Théodore de Neuhoff - Roi de Corse (1736)
Y établit sa résidence.
Origine et histoire
L’Hôtel de ville de Sartène, construit au début du XVIe siècle par les Génois, est un édifice emblématique de l’architecture militaire et civile de la Corse. À l’origine, il servait de résidence au lieutenant de la République génoise après que Sartène devint le chef-lieu de la province de la Rocca, remplaçant Porto Vecchio. Ce palais fortifié jouait aussi un rôle défensif contre les conflits locaux et les raids barbaresques, reflétant les tensions de l’époque en Méditerranée.
Détruit partiellement en 1564 lors du siège mené par Sampiero Corso, un chef corses révoltés contre Gênes, l’édifice fut rapidement reconstruit. Au XVIe siècle, il abritera même brièvement Théodore de Neuhoff, aventurier allemand autoproclamé roi de Corse en 1736, qui en fit sa résidence.

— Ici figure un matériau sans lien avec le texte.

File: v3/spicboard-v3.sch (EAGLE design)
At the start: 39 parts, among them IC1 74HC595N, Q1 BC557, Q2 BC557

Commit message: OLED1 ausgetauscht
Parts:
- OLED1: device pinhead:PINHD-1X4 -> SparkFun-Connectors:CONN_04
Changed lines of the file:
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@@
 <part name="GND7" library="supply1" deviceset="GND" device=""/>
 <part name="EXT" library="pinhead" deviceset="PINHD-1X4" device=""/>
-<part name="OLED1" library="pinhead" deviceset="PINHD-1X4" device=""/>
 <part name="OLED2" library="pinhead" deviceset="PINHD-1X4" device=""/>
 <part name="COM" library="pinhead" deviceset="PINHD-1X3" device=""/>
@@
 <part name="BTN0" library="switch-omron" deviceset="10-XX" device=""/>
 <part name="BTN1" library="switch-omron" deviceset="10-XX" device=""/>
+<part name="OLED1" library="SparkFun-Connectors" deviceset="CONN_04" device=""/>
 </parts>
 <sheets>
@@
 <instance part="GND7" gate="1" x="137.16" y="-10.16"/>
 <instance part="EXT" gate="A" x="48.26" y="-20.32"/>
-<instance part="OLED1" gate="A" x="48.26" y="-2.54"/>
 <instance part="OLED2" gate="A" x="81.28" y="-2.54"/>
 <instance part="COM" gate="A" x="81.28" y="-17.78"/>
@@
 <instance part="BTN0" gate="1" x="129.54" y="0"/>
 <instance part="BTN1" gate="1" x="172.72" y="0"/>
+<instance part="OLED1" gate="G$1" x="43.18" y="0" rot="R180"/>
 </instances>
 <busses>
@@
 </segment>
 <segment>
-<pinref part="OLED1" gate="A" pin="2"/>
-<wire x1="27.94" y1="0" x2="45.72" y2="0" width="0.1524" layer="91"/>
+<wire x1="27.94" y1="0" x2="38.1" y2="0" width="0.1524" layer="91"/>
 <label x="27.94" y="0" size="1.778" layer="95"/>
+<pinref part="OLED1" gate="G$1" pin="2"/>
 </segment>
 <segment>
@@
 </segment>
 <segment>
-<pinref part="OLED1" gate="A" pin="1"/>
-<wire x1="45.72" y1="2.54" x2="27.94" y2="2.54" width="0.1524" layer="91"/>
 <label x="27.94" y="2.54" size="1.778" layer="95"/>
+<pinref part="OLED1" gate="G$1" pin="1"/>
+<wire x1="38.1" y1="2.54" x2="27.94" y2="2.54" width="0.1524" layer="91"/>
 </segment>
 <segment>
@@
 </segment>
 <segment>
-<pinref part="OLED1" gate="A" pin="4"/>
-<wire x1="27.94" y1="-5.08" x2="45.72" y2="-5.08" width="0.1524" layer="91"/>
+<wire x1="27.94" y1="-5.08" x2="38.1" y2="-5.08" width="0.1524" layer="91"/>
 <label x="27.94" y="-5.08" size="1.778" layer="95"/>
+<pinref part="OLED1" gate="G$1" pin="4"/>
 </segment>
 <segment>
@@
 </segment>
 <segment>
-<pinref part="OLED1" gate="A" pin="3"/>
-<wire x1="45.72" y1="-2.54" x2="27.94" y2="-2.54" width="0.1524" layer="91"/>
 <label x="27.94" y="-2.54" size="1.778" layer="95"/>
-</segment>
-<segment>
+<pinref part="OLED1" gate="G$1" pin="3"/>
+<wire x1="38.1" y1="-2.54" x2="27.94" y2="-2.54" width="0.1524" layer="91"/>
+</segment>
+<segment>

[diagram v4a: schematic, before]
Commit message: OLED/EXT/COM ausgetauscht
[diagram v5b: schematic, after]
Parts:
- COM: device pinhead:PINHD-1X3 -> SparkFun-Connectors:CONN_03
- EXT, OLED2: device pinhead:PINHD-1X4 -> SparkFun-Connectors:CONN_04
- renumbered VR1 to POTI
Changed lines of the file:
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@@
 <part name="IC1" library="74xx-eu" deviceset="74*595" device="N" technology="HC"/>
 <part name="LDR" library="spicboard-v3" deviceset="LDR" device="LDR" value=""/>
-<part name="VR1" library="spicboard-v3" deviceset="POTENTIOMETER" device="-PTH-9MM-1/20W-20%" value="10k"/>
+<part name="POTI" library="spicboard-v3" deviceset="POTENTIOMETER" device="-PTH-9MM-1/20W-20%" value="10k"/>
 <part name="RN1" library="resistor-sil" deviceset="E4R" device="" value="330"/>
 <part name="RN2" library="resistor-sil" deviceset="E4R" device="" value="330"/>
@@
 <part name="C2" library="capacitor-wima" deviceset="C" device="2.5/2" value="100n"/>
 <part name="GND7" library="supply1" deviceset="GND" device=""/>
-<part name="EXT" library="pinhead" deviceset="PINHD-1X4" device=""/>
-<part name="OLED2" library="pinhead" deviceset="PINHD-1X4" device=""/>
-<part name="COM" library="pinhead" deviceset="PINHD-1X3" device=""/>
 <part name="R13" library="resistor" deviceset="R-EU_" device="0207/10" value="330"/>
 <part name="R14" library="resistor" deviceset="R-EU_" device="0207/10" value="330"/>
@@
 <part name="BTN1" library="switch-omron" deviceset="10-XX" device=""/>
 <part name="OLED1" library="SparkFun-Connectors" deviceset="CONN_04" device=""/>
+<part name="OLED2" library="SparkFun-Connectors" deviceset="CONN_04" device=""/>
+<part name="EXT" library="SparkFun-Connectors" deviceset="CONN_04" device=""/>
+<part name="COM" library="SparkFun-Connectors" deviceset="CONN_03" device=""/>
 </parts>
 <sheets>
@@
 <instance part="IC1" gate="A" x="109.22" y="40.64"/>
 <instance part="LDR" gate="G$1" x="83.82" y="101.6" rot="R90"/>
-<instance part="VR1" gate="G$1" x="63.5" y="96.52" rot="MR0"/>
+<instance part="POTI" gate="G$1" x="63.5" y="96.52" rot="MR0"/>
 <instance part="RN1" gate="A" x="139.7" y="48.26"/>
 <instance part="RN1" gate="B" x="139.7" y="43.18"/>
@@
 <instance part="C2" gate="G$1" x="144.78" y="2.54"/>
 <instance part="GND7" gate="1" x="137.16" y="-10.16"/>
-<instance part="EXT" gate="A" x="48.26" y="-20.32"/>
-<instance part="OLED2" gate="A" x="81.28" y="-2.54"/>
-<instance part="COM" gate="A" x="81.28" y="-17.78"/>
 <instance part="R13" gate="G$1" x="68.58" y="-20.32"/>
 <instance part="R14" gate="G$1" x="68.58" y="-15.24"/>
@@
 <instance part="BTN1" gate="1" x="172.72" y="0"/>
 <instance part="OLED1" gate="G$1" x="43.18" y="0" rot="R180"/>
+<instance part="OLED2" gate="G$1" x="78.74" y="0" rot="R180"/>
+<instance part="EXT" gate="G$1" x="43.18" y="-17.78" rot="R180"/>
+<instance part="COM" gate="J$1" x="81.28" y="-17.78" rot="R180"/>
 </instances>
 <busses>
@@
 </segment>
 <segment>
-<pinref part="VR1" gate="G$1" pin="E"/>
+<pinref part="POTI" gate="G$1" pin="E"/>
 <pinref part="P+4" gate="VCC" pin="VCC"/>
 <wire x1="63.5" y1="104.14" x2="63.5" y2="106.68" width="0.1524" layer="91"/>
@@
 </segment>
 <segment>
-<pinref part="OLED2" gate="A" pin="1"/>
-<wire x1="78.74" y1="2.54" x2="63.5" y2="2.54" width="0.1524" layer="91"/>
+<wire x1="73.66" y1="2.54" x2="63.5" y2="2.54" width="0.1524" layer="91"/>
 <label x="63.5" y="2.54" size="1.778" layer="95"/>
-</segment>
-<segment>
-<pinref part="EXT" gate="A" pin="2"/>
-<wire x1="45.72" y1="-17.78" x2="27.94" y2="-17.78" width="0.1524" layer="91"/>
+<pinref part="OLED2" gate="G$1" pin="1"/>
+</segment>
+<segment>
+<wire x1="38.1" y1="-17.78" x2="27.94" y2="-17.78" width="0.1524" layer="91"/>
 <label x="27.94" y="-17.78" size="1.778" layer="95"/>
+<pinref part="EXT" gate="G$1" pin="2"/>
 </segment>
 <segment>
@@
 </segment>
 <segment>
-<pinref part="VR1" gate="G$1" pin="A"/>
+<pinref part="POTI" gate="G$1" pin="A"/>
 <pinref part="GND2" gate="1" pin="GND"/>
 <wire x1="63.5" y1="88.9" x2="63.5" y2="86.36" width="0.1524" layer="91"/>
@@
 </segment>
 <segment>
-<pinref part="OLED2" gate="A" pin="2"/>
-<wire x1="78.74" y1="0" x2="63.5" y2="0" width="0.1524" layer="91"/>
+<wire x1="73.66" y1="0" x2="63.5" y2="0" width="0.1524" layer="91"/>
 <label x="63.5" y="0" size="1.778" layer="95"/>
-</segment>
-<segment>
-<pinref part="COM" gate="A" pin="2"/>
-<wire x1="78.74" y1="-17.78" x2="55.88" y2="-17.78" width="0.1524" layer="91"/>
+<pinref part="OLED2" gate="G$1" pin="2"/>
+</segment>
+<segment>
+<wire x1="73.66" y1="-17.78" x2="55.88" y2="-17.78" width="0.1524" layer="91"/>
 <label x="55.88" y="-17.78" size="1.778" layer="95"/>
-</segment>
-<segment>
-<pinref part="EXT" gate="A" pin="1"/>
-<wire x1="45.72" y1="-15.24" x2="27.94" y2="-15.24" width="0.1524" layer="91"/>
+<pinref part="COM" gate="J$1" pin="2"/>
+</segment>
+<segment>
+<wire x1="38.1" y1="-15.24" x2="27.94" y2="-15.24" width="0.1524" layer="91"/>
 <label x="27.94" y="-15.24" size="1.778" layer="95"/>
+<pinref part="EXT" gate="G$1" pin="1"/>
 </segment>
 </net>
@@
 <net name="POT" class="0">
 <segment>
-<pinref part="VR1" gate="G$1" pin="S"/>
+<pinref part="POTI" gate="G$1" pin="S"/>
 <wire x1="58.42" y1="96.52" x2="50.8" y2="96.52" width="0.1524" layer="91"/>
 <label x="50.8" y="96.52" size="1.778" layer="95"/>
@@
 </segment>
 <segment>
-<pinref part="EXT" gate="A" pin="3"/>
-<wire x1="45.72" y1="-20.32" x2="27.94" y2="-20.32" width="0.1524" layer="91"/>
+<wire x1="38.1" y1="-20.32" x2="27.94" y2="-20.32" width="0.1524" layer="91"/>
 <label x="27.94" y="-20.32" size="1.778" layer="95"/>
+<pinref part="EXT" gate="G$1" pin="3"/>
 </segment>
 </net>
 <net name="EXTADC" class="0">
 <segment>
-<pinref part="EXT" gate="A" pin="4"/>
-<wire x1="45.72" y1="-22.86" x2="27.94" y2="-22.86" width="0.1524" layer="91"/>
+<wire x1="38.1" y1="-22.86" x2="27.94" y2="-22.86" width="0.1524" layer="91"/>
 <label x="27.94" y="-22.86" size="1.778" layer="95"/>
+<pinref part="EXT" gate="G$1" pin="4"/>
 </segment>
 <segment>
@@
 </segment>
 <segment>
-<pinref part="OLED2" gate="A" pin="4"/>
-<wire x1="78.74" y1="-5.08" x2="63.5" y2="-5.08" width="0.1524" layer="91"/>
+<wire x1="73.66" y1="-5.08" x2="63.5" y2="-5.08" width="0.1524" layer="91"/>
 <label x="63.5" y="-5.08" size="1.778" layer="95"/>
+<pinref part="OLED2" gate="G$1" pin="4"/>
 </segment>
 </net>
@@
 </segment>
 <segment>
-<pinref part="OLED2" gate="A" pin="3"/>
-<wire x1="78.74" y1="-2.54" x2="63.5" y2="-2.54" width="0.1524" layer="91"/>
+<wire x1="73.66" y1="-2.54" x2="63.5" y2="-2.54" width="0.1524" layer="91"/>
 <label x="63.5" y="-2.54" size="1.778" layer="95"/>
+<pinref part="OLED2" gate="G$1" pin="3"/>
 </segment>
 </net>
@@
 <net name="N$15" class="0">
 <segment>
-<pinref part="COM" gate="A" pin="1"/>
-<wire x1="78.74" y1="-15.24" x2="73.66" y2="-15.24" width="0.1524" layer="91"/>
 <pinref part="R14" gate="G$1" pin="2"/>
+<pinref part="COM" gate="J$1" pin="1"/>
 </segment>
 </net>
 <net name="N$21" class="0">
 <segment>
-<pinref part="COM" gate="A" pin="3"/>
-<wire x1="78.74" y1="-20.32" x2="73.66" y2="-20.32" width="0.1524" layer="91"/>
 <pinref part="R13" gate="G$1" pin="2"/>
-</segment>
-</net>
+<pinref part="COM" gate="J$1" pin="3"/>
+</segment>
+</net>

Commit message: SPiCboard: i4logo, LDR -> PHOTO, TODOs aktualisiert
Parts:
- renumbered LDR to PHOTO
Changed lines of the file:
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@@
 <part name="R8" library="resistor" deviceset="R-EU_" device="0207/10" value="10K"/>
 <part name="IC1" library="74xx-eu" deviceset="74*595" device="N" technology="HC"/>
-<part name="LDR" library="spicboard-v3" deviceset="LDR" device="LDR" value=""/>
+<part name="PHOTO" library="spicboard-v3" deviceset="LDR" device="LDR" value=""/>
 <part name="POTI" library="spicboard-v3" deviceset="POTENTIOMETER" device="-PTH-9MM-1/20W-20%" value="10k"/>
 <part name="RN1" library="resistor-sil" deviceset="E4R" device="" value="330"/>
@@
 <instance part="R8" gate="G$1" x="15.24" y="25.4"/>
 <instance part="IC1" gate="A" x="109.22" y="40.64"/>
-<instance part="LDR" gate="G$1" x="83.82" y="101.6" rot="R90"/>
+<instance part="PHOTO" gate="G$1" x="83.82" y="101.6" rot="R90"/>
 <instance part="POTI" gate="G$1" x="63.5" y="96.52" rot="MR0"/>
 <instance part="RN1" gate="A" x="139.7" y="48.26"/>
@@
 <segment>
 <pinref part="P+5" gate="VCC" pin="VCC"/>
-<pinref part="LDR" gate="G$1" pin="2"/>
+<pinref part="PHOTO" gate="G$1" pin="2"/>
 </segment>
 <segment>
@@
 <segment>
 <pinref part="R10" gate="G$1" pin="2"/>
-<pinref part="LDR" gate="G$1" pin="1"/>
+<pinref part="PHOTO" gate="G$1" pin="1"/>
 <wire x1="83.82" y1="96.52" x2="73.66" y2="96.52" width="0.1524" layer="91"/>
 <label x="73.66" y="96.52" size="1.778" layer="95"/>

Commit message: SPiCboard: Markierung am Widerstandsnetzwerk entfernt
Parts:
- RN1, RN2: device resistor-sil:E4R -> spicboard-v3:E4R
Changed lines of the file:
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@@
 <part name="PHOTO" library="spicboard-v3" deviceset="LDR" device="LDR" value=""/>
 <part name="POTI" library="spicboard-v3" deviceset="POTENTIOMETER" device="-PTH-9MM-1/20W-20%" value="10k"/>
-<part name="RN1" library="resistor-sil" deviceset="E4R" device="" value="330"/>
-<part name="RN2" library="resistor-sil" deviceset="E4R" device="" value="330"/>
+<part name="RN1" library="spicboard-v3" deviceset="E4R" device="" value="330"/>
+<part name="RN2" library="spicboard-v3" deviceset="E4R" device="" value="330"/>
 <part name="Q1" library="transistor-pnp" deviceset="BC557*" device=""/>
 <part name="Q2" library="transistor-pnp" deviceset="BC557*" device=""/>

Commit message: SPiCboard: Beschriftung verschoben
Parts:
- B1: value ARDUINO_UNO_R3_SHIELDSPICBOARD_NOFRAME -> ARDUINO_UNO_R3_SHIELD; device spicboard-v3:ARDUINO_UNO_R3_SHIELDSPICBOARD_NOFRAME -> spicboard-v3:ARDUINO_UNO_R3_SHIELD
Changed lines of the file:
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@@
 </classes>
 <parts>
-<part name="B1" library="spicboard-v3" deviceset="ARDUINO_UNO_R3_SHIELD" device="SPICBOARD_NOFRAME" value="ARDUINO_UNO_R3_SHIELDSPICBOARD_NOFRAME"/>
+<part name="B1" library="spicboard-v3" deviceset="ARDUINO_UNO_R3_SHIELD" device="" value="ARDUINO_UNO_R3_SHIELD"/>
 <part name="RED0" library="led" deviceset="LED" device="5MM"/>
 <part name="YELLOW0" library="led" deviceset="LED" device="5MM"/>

Les transformations ultérieures, comme l’aménagement des étages supérieurs en caserne au XIXe siècle, témoignent de son adaptation aux besoins militaires et administratifs successifs.
L’architecture actuelle, avec ses quatre niveaux et son ouverture en plein cintre à l’emplacement d’un ancien pont-levis, conserve des traces de sa vocation défensive. Les balcons de la façade, dont l’un repose sur d’anciens mâchicoulis, rappellent son double usage : symbole du pouvoir génois et refuge pour les habitants. Classé monument historique en 1991, il incarne aujourd’hui l’héritage complexe de la Corse entre influences génoises, révoltes locales et adaptations modernes.